4.6 Deviation: Markov & Chebyshev Bounds

Flipping Coins


Suppose you flip a fair coin 100 times. The coin flips are all mutually independent.

  1. What is the expected number of heads?

    Exercise 1

    Let \(X\) denote the number of heads. Let \(X_i\) be the indicator variable that is 1 when the \(i^{th}\) coin flip is heads. Then \[ X = X_1+X_2+\ldots +X_{100}.\] Hence, by linearity of expectation, \[E[X] = E[X_1+X_2+\ldots+X_{100}] = E[X_1]+\ldots+E[X_{100}]\] and we need to find the expectation of each individual indicator. We compute: \[E[X_i]= 1 \cdot \Pr[\text{flip head}] + 0 \cdot \Pr[\text{flip tail}] = \frac{1}{2}.\] Putting everything together, we conclude that \(E[X] = 100 \cdot \frac{1}{2} = 50\).

  2. What is an upper bound on the probability that the number of heads is at least 70 according to Markov's Theorem? Please answer as a fraction in the form x/y.

    Exercise 2

    The expected number of heads is 50. So the probability that the number of heads is at least 70 is at most \(\frac{50}{70} = \frac{5}{7}\).

  3. What is the variance of the number of heads?

    Exercise 3

    Let \(X\) and \(X_i\) be as in Question 1. Then, by the independence of the \(X_i\), we know \[Var[X] = Var[X_1 +\ldots+ X_{100}] = Var[X_1]+ \ldots + Var[X_{100}]\] and we need to find the variance of each indicator. We compute: \[Var[X_i] = E[X^2] - E[X]^2 =\frac{1}{2} - \left(\frac{1}{2}\right)^2 = \frac{1}{4}.\] Putting everything together, we have \( Var[X] = 100\cdot \frac{1}{4} = 25 \).

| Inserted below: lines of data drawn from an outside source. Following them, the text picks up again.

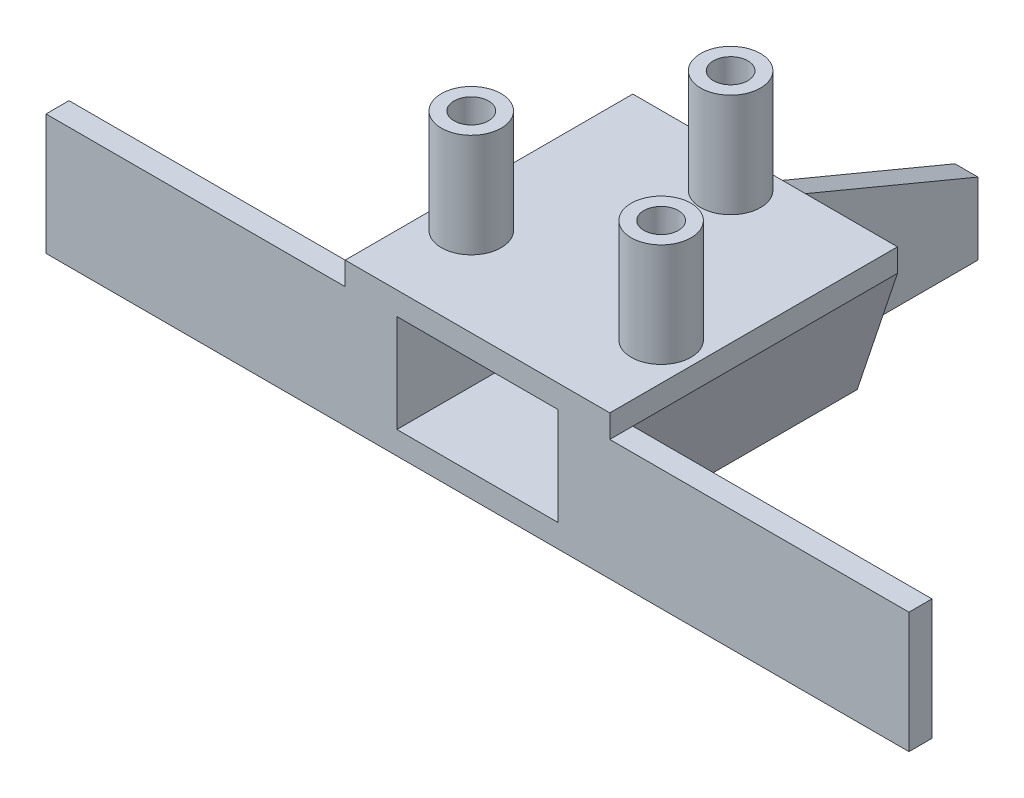
ISO-10303-21;
HEADER;
FILE_DESCRIPTION(('STEP AP214'),'2;1');
FILE_NAME('part.step','',(''),(''),'','','');
FILE_SCHEMA(('AUTOMOTIVE_DESIGN { 1 0 10303 214 1 1 1 1 }'));
ENDSEC;
DATA;
#1=APPLICATION_CONTEXT('core data for automotive mechanical design processes');
#2=APPLICATION_PROTOCOL_DEFINITION('international standard','automotive_design',2000,#1);
#3=PRODUCT_CONTEXT('',#1,'mechanical');
#4=PRODUCT('Part','Part','',(#3));
#5=PRODUCT_RELATED_PRODUCT_CATEGORY('part','',(#4));
#6=PRODUCT_DEFINITION_FORMATION('','',#4);
#7=PRODUCT_DEFINITION_CONTEXT('part definition',#1,'design');
#8=PRODUCT_DEFINITION('design','',#6,#7);
#9=PRODUCT_DEFINITION_SHAPE('','',#8);
#10=(LENGTH_UNIT() NAMED_UNIT(*) SI_UNIT(.MILLI.,.METRE.));
#11=(NAMED_UNIT(*) PLANE_ANGLE_UNIT() SI_UNIT($,.RADIAN.));
#12=(NAMED_UNIT(*) SI_UNIT($,.STERADIAN.) SOLID_ANGLE_UNIT());
#13=UNCERTAINTY_MEASURE_WITH_UNIT(LENGTH_MEASURE(1.E-05),#10,'distance_accuracy_value','');
#14=(GEOMETRIC_REPRESENTATION_CONTEXT(3) GLOBAL_UNCERTAINTY_ASSIGNED_CONTEXT((#13)) GLOBAL_UNIT_ASSIGNED_CONTEXT((#10,
#11,#12)) REPRESENTATION_CONTEXT('',''));
#15=CARTESIAN_POINT('',(0.,0.,0.));
#16=DIRECTION('',(0.,0.,1.));
#17=DIRECTION('',(1.,0.,0.));
#18=AXIS2_PLACEMENT_3D('',#15,#16,#17);
#19=CARTESIAN_POINT('',(0.,-12.5,0.));
#20=DIRECTION('',(0.,1.,0.));
#21=DIRECTION('',(0.,0.,1.));
#22=AXIS2_PLACEMENT_3D('',#19,#20,#21);
#23=PLANE('',#22);
#24=DIRECTION('',(0.,0.,-1.));
#25=VECTOR('',#24,1.);
#26=CARTESIAN_POINT('',(8.,-12.5,31.0679718105893));
#27=LINE('',#26,#25);
#28=CARTESIAN_POINT('',(8.,-12.5,20.));
#29=VERTEX_POINT('',#28);
#30=CARTESIAN_POINT('',(8.,-12.5,-3.));
#31=VERTEX_POINT('',#30);
#32=EDGE_CURVE('E724',#29,#31,#27,.T.);
#33=ORIENTED_EDGE('',*,*,#32,.F.);
#34=DIRECTION('',(-1.,0.,0.));
#35=VECTOR('',#34,1.);
#36=CARTESIAN_POINT('',(37.5,-12.5,20.));
#37=LINE('',#36,#35);
#38=CARTESIAN_POINT('',(37.5,-12.5,20.));
#39=VERTEX_POINT('',#38);
#40=EDGE_CURVE('E737',#39,#29,#37,.T.);
#41=ORIENTED_EDGE('',*,*,#40,.F.);
#42=DIRECTION('',(0.,0.,-1.));
#43=VECTOR('',#42,1.);
#44=CARTESIAN_POINT('',(37.5,-12.5,-3.));
#45=LINE('',#44,#43);
#46=CARTESIAN_POINT('',(37.5,-12.5,22.));
#47=VERTEX_POINT('',#46);
#48=EDGE_CURVE('E257',#47,#39,#45,.T.);
#49=ORIENTED_EDGE('',*,*,#48,.F.);
#50=DIRECTION('',(1.,0.,0.));
#51=VECTOR('',#50,1.);
#52=CARTESIAN_POINT('',(-11.5,-12.5,22.));
#53=LINE('',#52,#51);
#54=CARTESIAN_POINT('',(-37.5,-12.5,22.));
#55=VERTEX_POINT('',#54);
#56=EDGE_CURVE('E221',#55,#47,#53,.T.);
#57=ORIENTED_EDGE('',*,*,#56,.F.);
#58=DIRECTION('',(0.,0.,-1.));
#59=VECTOR('',#58,1.);
#60=CARTESIAN_POINT('',(-37.5,-12.5,-3.));
#61=LINE('',#60,#59);
#62=CARTESIAN_POINT('',(-37.5,-12.5,20.));
#63=VERTEX_POINT('',#62);
#64=EDGE_CURVE('E271',#55,#63,#61,.T.);
#65=ORIENTED_EDGE('',*,*,#64,.T.);
#66=DIRECTION('',(1.,0.,0.));
#67=VECTOR('',#66,1.);
#68=CARTESIAN_POINT('',(-37.5,-12.5,20.));
#69=LINE('',#68,#67);
#70=CARTESIAN_POINT('',(-8.,-12.5,20.));
#71=VERTEX_POINT('',#70);
#72=EDGE_CURVE('E285',#63,#71,#69,.T.);
#73=ORIENTED_EDGE('',*,*,#72,.T.);
#74=DIRECTION('',(0.,0.,-1.));
#75=VECTOR('',#74,1.);
#76=CARTESIAN_POINT('',(-8.,-12.5,31.0679718105893));
#77=LINE('',#76,#75);
#78=CARTESIAN_POINT('',(-8.,-12.5,-3.));
#79=VERTEX_POINT('',#78);
#80=EDGE_CURVE('E717',#71,#79,#77,.T.);
#81=ORIENTED_EDGE('',*,*,#80,.T.);
#82=DIRECTION('',(-1.,0.,0.));
#83=VECTOR('',#82,1.);
#84=CARTESIAN_POINT('',(-11.5,-12.5,-3.));
#85=LINE('',#84,#83);
#86=CARTESIAN_POINT('',(1.5,-12.5,-3.));
#87=VERTEX_POINT('',#86);
#88=EDGE_CURVE('E216',#87,#79,#85,.T.);
#89=ORIENTED_EDGE('',*,*,#88,.F.);
#90=DIRECTION('',(0.,0.,1.));
#91=VECTOR('',#90,1.);
#92=CARTESIAN_POINT('',(1.5,-12.5,-18.));
#93=LINE('',#92,#91);
#94=CARTESIAN_POINT('',(1.5,-12.5,-18.));
#95=VERTEX_POINT('',#94);
#96=EDGE_CURVE('E198',#95,#87,#93,.T.);
#97=ORIENTED_EDGE('',*,*,#96,.F.);
#98=DIRECTION('',(-1.,0.,0.));
#99=VECTOR('',#98,1.);
#100=CARTESIAN_POINT('',(1.5,-12.5,-18.));
#101=LINE('',#100,#99);
#102=CARTESIAN_POINT('',(3.5,-12.5,-18.));
#103=VERTEX_POINT('',#102);
#104=EDGE_CURVE('E185',#103,#95,#101,.T.);
#105=ORIENTED_EDGE('',*,*,#104,.F.);
#106=DIRECTION('',(0.,0.,1.));
#107=VECTOR('',#106,1.);
#108=CARTESIAN_POINT('',(3.5,-12.5,-18.));
#109=LINE('',#108,#107);
#110=CARTESIAN_POINT('',(3.5,-12.5,-3.));
#111=VERTEX_POINT('',#110);
#112=EDGE_CURVE('E209',#103,#111,#109,.T.);
#113=ORIENTED_EDGE('',*,*,#112,.T.);
#114=EDGE_CURVE('E212',#31,#111,#85,.T.);
#115=ORIENTED_EDGE('',*,*,#114,.F.);
#116=EDGE_LOOP('',(#33,#41,#49,#57,#65,#73,#81,#89,#97,#105,#113,#115));
#117=FACE_BOUND('',#116,.T.);
#118=ADVANCED_FACE('F35',(#117),#23,.F.);
#119=CARTESIAN_POINT('',(-11.5,-12.5,-3.));
#120=DIRECTION('',(0.,0.,-1.));
#121=DIRECTION('',(-1.,0.,0.));
#122=AXIS2_PLACEMENT_3D('',#119,#120,#121);
#123=PLANE('',#122);
#124=DIRECTION('',(0.,1.,0.));
#125=VECTOR('',#124,1.);
#126=CARTESIAN_POINT('',(11.5,-12.5,-3.));
#127=LINE('',#126,#125);
#128=CARTESIAN_POINT('',(11.5,-2.,-3.));
#129=VERTEX_POINT('',#128);
#130=CARTESIAN_POINT('',(11.5,0.,-3.));
#131=VERTEX_POINT('',#130);
#132=EDGE_CURVE('E758',#129,#131,#127,.T.);
#133=ORIENTED_EDGE('',*,*,#132,.F.);
#134=DIRECTION('',(-0.316227766016838,-0.948683298050514,0.));
#135=VECTOR('',#134,1.);
#136=CARTESIAN_POINT('',(8.,-12.5,-3.));
#137=LINE('',#136,#135);
#138=EDGE_CURVE('E729',#129,#31,#137,.T.);
#139=ORIENTED_EDGE('',*,*,#138,.T.);
#140=ORIENTED_EDGE('',*,*,#114,.T.);
#141=DIRECTION('',(0.,-1.,0.));
#142=VECTOR('',#141,1.);
#143=CARTESIAN_POINT('',(3.5,-12.5,-3.));
#144=LINE('',#143,#142);
#145=CARTESIAN_POINT('',(3.5,0.,-3.));
#146=VERTEX_POINT('',#145);
#147=EDGE_CURVE('E188',#146,#111,#144,.T.);
#148=ORIENTED_EDGE('',*,*,#147,.F.);
#149=DIRECTION('',(-1.,0.,0.));
#150=VECTOR('',#149,1.);
#151=CARTESIAN_POINT('',(-11.5,0.,-3.));
#152=LINE('',#151,#150);
#153=EDGE_CURVE('E749',#131,#146,#152,.T.);
#154=ORIENTED_EDGE('',*,*,#153,.F.);
#155=EDGE_LOOP('',(#133,#139,#140,#148,#154));
#156=FACE_BOUND('',#155,.T.);
#157=ADVANCED_FACE('F367',(#156),#123,.T.);
#158=CARTESIAN_POINT('',(11.5,-12.5,-3.));
#159=DIRECTION('',(1.,0.,0.));
#160=DIRECTION('',(0.,0.,-1.));
#161=AXIS2_PLACEMENT_3D('',#158,#159,#160);
#162=PLANE('',#161);
#163=DIRECTION('',(0.,0.,1.));
#164=VECTOR('',#163,1.);
#165=CARTESIAN_POINT('',(11.5,-2.00000000000001,-3.00000000000001));
#166=LINE('',#165,#164);
#167=CARTESIAN_POINT('',(11.5,-2.,20.));
#168=VERTEX_POINT('',#167);
#169=CARTESIAN_POINT('',(11.5,-2.,22.));
#170=VERTEX_POINT('',#169);
#171=EDGE_CURVE('E232',#168,#170,#166,.T.);
#172=ORIENTED_EDGE('',*,*,#171,.F.);
#173=DIRECTION('',(0.,0.,-1.));
#174=VECTOR('',#173,1.);
#175=CARTESIAN_POINT('',(11.5,-2.,31.0679718105893));
#176=LINE('',#175,#174);
#177=EDGE_CURVE('E726',#168,#129,#176,.T.);
#178=ORIENTED_EDGE('',*,*,#177,.T.);
#179=ORIENTED_EDGE('',*,*,#132,.T.);
#180=DIRECTION('',(0.,0.,-1.));
#181=VECTOR('',#180,1.);
#182=CARTESIAN_POINT('',(11.5,0.,-3.));
#183=LINE('',#182,#181);
#184=CARTESIAN_POINT('',(11.5,0.,22.));
#185=VERTEX_POINT('',#184);
#186=EDGE_CURVE('E754',#185,#131,#183,.T.);
#187=ORIENTED_EDGE('',*,*,#186,.F.);
#188=DIRECTION('',(0.,1.,0.));
#189=VECTOR('',#188,1.);
#190=CARTESIAN_POINT('',(11.5,-12.5,22.));
#191=LINE('',#190,#189);
#192=EDGE_CURVE('E249',#170,#185,#191,.T.);
#193=ORIENTED_EDGE('',*,*,#192,.F.);
#194=EDGE_LOOP('',(#172,#178,#179,#187,#193));
#195=FACE_BOUND('',#194,.T.);
#196=ADVANCED_FACE('F372',(#195),#162,.T.);
#197=ORIENTED_EDGE('',*,*,#88,.T.);
#198=DIRECTION('',(-0.316227766016837,0.948683298050514,0.));
#199=VECTOR('',#198,1.);
#200=CARTESIAN_POINT('',(-11.5,-2.,-3.));
#201=LINE('',#200,#199);
#202=CARTESIAN_POINT('',(-11.5,-2.,-3.));
#203=VERTEX_POINT('',#202);
#204=EDGE_CURVE('E715',#79,#203,#201,.T.);
#205=ORIENTED_EDGE('',*,*,#204,.T.);
#206=DIRECTION('',(0.,1.,0.));
#207=VECTOR('',#206,1.);
#208=CARTESIAN_POINT('',(-11.5,-12.5,-3.));
#209=LINE('',#208,#207);
#210=CARTESIAN_POINT('',(-11.5,0.,-3.));
#211=VERTEX_POINT('',#210);
#212=EDGE_CURVE('E755',#203,#211,#209,.T.);
#213=ORIENTED_EDGE('',*,*,#212,.T.);
#214=CARTESIAN_POINT('',(1.5,0.,-3.));
#215=VERTEX_POINT('',#214);
#216=EDGE_CURVE('E228',#215,#211,#152,.T.);
#217=ORIENTED_EDGE('',*,*,#216,.F.);
#218=DIRECTION('',(0.,1.,0.));
#219=VECTOR('',#218,1.);
#220=CARTESIAN_POINT('',(1.5,-12.5,-3.));
#221=LINE('',#220,#219);
#222=EDGE_CURVE('E60',#87,#215,#221,.T.);
#223=ORIENTED_EDGE('',*,*,#222,.F.);
#224=EDGE_LOOP('',(#197,#205,#213,#217,#223));
#225=FACE_BOUND('',#224,.T.);
#226=ADVANCED_FACE('F375',(#225),#123,.T.);
#227=CARTESIAN_POINT('',(-11.5,-12.5,-3.));
#228=DIRECTION('',(-1.,0.,0.));
#229=DIRECTION('',(0.,0.,1.));
#230=AXIS2_PLACEMENT_3D('',#227,#228,#229);
#231=PLANE('',#230);
#232=ORIENTED_EDGE('',*,*,#212,.F.);
#233=DIRECTION('',(0.,0.,-1.));
#234=VECTOR('',#233,1.);
#235=CARTESIAN_POINT('',(-11.5,-2.,31.0679718105893));
#236=LINE('',#235,#234);
#237=CARTESIAN_POINT('',(-11.5,-2.,20.));
#238=VERTEX_POINT('',#237);
#239=EDGE_CURVE('E719',#238,#203,#236,.T.);
#240=ORIENTED_EDGE('',*,*,#239,.F.);
#241=DIRECTION('',(0.,0.,1.));
#242=VECTOR('',#241,1.);
#243=CARTESIAN_POINT('',(-11.5,-2.00000000000001,-3.00000000000001));
#244=LINE('',#243,#242);
#245=CARTESIAN_POINT('',(-11.5,-2.,22.));
#246=VERTEX_POINT('',#245);
#247=EDGE_CURVE('E261',#238,#246,#244,.T.);
#248=ORIENTED_EDGE('',*,*,#247,.T.);
#249=DIRECTION('',(0.,1.,0.));
#250=VECTOR('',#249,1.);
#251=CARTESIAN_POINT('',(-11.5,-12.5,22.));
#252=LINE('',#251,#250);
#253=CARTESIAN_POINT('',(-11.5,0.,22.));
#254=VERTEX_POINT('',#253);
#255=EDGE_CURVE('E215',#246,#254,#252,.T.);
#256=ORIENTED_EDGE('',*,*,#255,.T.);
#257=DIRECTION('',(0.,0.,1.));
#258=VECTOR('',#257,1.);
#259=CARTESIAN_POINT('',(-11.5,0.,-3.));
#260=LINE('',#259,#258);
#261=EDGE_CURVE('E223',#211,#254,#260,.T.);
#262=ORIENTED_EDGE('',*,*,#261,.F.);
#263=EDGE_LOOP('',(#232,#240,#248,#256,#262));
#264=FACE_BOUND('',#263,.T.);
#265=ADVANCED_FACE('F342',(#264),#231,.T.);
#266=CARTESIAN_POINT('',(0.,0.,0.));
#267=DIRECTION('',(0.,1.,0.));
#268=DIRECTION('',(0.,0.,1.));
#269=AXIS2_PLACEMENT_3D('',#266,#267,#268);
#270=PLANE('',#269);
#271=DIRECTION('',(-1.,0.,0.));
#272=VECTOR('',#271,1.);
#273=CARTESIAN_POINT('',(19.75,0.,-3.));
#274=LINE('',#273,#272);
#275=EDGE_CURVE('E175',#146,#215,#274,.T.);
#276=ORIENTED_EDGE('',*,*,#275,.T.);
#277=ORIENTED_EDGE('',*,*,#216,.T.);
#278=ORIENTED_EDGE('',*,*,#261,.T.);
#279=DIRECTION('',(1.,0.,0.));
#280=VECTOR('',#279,1.);
#281=CARTESIAN_POINT('',(-11.5,0.,22.));
#282=LINE('',#281,#280);
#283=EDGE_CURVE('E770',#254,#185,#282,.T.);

  4. What is an upper bound on the probability that the number of heads is less than 30 or greater than 70 according to Chebyshev's Theorem? Please answer as a fraction in the form x/y.

    Exercise 4

    The mean is 50. So, the variable is less than 30 and more than 70 iff it deviates from its mean by \(20=|30-50|=|70-50|\) or more. How big is this deviation in comparison to the standard deviation? Since the variance of the number of heads is 25, its standard deviation is 5. So, deviation by 20 is 4 times the standard one.

    Now, Chebyshev's Theorem says that the probability of the number of heads deviating from its mean by 4 times the standard deviation is \(\leq \frac{1}{4^2} = \frac{1}{16}\).